Электричество, вспыхнув в лампах, осветило углы и предметы, на которые я
смотрел несколько дней назад. Я заметил, что прибрано и подметено плохо;
видимо, еще не улеглось потрясение, вызванное катастрофой.
На
корабле остались Гораций, повар, агент, выжидающий случая проследить ходы контрабандной
торговли, и один матрос; все остальные были арестованы или получили расчет из
денег, найденных при Гезе. Я не особо вникал в это, так как смотрел на Биче,
стараясь уловить ее чувства.
Она еще
не садилась. Пока Ботвель разговаривал с поваром и агентом, Биче обошла салон,
рассматривая обстановку с таким вниманием, как если бы первый раз была здесь.
Однажды ее взгляд расширился и затих, и, проследив его направление, я увидел,
что она смотрит на сломанную женскую гребенку, лежавшую на буфете.
– Ну,
так расскажите еще, – сказала Биче, видя, как я внимателен к этому ее
взгляду на предмет незначительный и красноречивый. – Где вы помещались?
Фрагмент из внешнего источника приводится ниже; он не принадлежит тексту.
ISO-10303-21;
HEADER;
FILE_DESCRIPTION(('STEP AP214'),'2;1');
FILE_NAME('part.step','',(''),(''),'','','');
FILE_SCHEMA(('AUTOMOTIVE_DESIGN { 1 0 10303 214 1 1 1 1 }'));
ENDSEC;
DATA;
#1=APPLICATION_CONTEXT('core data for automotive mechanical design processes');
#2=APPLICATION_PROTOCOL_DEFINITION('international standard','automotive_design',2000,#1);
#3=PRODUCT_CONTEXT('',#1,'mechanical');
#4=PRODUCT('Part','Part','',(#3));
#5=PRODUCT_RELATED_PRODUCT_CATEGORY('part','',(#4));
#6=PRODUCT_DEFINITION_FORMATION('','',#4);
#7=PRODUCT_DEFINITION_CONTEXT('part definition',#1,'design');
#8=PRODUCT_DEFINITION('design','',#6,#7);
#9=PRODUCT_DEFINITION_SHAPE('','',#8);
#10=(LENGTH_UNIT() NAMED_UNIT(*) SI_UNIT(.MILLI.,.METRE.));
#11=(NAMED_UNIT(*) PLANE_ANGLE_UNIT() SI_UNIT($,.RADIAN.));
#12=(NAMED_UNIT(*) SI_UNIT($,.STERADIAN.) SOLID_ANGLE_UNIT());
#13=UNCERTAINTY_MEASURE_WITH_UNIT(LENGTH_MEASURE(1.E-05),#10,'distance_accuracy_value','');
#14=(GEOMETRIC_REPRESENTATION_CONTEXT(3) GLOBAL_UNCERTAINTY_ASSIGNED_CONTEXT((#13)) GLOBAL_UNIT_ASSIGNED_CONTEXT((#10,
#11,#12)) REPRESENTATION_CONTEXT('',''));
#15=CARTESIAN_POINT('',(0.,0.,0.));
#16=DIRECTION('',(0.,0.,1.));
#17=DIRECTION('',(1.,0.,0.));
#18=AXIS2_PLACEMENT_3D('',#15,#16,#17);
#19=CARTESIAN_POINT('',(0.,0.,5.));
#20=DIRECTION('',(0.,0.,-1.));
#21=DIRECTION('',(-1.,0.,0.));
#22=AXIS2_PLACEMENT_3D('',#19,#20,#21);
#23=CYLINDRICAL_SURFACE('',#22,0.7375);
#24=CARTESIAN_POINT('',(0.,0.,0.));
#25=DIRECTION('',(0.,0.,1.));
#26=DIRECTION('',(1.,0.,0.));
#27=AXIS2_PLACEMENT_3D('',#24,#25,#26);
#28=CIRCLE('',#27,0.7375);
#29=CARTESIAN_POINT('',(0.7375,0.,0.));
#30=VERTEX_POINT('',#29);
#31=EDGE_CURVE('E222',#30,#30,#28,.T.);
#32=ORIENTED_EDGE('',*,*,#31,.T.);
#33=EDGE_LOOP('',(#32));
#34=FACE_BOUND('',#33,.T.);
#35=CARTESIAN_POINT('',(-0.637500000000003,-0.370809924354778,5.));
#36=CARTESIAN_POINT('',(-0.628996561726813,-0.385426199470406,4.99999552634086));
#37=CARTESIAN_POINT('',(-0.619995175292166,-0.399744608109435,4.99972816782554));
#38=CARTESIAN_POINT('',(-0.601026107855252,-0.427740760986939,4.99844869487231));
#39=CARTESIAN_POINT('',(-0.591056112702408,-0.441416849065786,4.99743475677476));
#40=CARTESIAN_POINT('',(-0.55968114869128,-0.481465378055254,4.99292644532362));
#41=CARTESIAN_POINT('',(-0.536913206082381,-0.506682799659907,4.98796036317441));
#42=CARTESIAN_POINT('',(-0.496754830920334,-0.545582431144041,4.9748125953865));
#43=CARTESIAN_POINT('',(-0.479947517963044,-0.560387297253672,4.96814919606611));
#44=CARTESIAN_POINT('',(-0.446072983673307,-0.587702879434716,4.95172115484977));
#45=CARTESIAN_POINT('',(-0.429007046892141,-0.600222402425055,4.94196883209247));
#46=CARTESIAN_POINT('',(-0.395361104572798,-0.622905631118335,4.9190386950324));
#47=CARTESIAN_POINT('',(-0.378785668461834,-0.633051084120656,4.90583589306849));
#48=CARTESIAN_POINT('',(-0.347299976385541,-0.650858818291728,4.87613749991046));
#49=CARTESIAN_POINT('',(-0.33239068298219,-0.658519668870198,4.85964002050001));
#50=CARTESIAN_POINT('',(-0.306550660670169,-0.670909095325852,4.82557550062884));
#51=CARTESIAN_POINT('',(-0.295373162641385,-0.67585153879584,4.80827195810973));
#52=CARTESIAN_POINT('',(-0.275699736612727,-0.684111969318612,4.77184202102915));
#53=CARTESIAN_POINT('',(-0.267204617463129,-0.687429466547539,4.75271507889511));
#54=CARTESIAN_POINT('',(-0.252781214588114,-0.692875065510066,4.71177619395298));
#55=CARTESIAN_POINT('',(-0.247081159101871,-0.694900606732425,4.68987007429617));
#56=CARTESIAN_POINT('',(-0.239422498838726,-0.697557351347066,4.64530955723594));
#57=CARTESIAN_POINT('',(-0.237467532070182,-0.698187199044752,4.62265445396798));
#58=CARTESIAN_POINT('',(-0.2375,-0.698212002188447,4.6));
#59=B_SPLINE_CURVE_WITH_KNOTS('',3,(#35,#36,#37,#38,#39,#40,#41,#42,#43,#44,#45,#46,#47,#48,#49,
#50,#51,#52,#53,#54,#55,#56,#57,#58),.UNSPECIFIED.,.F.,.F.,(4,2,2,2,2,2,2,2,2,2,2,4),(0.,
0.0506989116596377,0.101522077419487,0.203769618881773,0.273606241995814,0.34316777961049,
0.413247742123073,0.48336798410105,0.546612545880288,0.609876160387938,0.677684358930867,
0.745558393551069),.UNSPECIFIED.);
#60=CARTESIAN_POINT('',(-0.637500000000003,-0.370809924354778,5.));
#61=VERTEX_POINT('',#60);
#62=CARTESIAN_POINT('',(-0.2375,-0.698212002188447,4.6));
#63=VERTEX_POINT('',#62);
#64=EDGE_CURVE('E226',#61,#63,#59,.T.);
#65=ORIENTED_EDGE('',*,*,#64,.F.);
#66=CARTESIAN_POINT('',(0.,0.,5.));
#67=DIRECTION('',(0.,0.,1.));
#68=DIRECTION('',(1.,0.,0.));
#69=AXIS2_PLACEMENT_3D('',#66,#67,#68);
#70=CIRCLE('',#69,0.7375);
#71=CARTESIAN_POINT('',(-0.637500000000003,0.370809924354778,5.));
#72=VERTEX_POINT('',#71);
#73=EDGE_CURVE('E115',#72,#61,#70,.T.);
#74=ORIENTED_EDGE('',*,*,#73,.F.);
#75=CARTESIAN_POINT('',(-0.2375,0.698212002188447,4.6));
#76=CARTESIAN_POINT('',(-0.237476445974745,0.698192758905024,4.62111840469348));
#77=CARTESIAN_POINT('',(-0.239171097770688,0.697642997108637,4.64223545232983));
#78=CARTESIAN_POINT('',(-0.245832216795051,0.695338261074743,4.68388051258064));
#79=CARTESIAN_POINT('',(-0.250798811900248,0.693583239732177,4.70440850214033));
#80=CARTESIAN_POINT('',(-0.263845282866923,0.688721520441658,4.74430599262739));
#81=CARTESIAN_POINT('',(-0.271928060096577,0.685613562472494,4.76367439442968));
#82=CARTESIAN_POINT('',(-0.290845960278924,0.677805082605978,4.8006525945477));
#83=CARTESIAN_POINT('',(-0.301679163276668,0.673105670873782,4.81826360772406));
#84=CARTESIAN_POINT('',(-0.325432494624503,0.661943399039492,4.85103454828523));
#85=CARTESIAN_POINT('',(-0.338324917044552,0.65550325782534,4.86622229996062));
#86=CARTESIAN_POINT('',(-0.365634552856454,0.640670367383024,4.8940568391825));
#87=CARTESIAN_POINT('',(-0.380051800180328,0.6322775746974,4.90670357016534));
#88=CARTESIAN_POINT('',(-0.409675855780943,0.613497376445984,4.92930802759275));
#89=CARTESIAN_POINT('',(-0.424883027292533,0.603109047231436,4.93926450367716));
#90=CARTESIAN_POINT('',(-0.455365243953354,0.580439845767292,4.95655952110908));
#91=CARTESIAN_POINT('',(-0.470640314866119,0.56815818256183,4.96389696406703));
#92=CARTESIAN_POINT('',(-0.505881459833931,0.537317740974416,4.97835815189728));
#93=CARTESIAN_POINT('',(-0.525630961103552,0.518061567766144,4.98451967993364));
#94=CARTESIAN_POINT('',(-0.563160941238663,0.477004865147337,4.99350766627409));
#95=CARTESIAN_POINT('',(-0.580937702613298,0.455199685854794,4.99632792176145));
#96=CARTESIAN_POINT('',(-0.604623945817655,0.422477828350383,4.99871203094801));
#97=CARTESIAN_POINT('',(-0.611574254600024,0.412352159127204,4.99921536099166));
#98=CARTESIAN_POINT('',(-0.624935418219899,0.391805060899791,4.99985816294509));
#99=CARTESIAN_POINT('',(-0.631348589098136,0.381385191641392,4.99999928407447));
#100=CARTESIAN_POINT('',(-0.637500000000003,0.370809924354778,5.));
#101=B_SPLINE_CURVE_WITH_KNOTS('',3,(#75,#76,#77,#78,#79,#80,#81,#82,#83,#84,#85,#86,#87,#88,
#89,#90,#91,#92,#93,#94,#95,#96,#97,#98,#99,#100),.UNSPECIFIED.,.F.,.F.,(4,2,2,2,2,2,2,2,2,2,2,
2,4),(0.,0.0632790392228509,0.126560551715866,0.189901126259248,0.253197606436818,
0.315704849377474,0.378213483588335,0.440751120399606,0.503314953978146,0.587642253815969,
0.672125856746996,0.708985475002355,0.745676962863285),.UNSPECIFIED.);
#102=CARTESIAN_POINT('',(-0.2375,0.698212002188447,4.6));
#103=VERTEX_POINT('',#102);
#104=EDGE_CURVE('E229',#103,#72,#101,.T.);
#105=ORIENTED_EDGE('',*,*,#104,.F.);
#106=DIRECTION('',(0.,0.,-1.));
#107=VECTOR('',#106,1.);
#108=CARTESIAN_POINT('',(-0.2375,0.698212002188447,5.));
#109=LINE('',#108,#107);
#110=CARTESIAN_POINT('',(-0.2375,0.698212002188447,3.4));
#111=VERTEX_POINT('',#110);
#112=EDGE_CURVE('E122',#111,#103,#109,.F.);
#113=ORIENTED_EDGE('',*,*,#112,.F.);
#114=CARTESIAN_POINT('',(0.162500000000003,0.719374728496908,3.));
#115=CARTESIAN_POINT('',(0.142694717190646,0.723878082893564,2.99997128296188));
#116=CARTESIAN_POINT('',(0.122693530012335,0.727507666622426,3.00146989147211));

Где была ваша каюта? Не первая ли от трапа? Да? Тогда пройдемте в нее.
Открыв
дверь в эту каюту, я объяснил Биче положение действовавших лиц и как я попался,
обманутый мнимым раскаянием Геза.
– Начинаю
представлять, – сказала Биче. – Очень все это печально. Очень
грустно! Но я не намереваюсь долго быть здесь. Взойдемте наверх.
– То
чувство не проходит?
– Нет.
Я хожу, как по чужому дому, случайно оказавшемуся похожим. Разве не образовался
привкус, невидимый след, с которым я так долго еще должна иметь дело внутри
себя? О, я так хотела бы, чтобы этого ничего не было!
– Вы
оскорблены?
– Да,
это настоящее слово. Я оскорблена. Итак, взойдемте наверх.
Мы
вышли. Я ждал, куда она поведет меня, с волнением – и не ошибся: Биче
остановилась у трапа.
– Вот
отсюда, – сказала она, показывая рукой вниз, за борт. – И – один! Я,
кажется, никогда не почувствую, не представлю со всей силой переживания, как
это могло быть. Один!
– Как
– один?! – сказал я, забывшись. Вдруг вся кровь хлынула к сердцу. Я
вспомнил, что сказала мне Фрези Грант. Но было уже поздно. Биче смотрела на
меня с тягостным, суровым неудовольствием. Момент молчания предал меня. Я не
сумел ни поправиться, ни твердостью взгляда отвести тайную мысль Биче, и это
передалось ей.
– Гарвей, –
сказала она с нежной, и прямой силой, впервые зазвучавшей в ее веселом, беспечном
голосе, – Гарвей, скажите мне правду!